- **Task description**
Somewhere below, one line contains "R7, R26, R27: PAD; R_1206_3216Metric" and a later line contains "R29, R30: 1.5k;". Output those two lines and everything between them exactly, and nothing else.

[[ Information supplied, beginning ]]

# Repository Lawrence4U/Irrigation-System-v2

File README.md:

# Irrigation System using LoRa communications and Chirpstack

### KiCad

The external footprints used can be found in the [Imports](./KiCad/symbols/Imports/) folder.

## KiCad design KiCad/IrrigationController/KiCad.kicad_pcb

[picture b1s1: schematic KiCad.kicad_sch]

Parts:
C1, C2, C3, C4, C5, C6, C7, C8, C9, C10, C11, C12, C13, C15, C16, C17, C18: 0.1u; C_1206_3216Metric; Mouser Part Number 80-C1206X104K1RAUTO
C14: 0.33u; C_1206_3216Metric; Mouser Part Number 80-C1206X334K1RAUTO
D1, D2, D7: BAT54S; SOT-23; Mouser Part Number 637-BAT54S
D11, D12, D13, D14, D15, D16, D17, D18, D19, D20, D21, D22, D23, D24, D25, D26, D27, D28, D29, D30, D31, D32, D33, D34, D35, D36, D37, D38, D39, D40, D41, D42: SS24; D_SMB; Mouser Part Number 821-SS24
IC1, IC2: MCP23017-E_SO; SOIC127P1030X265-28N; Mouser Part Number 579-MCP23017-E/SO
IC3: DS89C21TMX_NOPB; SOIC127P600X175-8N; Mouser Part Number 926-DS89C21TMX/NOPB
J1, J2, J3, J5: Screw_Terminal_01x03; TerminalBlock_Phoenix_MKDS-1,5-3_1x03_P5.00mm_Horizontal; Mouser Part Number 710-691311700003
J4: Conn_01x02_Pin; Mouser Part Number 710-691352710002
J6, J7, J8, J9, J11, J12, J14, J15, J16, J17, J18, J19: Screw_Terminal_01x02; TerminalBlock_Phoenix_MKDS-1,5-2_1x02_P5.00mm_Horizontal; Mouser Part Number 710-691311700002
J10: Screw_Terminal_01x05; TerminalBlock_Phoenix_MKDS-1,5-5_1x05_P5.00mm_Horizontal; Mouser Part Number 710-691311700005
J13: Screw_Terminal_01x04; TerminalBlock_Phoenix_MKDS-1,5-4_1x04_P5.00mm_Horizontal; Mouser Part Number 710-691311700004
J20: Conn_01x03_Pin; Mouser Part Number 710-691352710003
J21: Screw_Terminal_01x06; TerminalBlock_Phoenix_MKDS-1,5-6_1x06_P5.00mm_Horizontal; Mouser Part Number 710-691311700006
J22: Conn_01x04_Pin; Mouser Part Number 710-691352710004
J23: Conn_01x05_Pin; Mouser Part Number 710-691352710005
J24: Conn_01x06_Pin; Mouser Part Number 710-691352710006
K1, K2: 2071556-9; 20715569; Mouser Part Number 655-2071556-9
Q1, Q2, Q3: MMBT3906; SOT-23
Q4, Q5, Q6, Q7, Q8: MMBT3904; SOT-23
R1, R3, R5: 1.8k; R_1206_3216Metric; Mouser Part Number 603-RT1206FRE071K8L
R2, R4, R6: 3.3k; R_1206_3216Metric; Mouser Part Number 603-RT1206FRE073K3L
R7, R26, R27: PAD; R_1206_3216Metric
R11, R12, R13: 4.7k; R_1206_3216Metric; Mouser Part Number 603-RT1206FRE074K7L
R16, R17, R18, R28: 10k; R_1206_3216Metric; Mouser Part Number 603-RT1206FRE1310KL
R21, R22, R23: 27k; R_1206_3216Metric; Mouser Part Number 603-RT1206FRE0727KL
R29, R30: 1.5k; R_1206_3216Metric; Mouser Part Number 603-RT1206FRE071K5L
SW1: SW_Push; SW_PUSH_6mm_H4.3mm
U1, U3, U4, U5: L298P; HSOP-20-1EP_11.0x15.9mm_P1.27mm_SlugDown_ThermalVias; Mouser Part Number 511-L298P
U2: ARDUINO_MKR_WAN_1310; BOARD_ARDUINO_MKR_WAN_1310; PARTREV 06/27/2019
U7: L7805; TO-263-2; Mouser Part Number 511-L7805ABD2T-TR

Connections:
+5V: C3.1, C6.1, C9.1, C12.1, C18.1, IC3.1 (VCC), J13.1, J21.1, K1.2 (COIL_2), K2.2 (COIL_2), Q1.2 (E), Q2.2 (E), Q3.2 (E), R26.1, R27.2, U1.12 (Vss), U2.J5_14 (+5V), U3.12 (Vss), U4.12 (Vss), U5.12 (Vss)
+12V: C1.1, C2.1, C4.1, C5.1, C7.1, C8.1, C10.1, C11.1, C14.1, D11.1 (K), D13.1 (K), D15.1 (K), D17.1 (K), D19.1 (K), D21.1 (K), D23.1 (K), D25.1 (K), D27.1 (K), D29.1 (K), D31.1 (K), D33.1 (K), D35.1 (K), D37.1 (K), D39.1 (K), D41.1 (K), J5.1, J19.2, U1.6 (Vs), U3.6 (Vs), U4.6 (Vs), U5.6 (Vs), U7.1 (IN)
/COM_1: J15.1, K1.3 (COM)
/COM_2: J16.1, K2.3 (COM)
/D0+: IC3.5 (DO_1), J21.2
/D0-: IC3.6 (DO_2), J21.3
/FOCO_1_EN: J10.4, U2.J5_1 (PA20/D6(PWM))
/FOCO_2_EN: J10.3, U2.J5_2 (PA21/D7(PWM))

[[ Information supplied, end ]]

- **Answer box**
R7, R26, R27: PAD; R_1206_3216Metric
R11, R12, R13: 4.7k; R_1206_3216Metric; Mouser Part Number 603-RT1206FRE074K7L
R16, R17, R18, R28: 10k; R_1206_3216Metric; Mouser Part Number 603-RT1206FRE1310KL
R21, R22, R23: 27k; R_1206_3216Metric; Mouser Part Number 603-RT1206FRE0727KL
R29, R30: 1.5k; R_1206_3216Metric; Mouser Part Number 603-RT1206FRE071K5L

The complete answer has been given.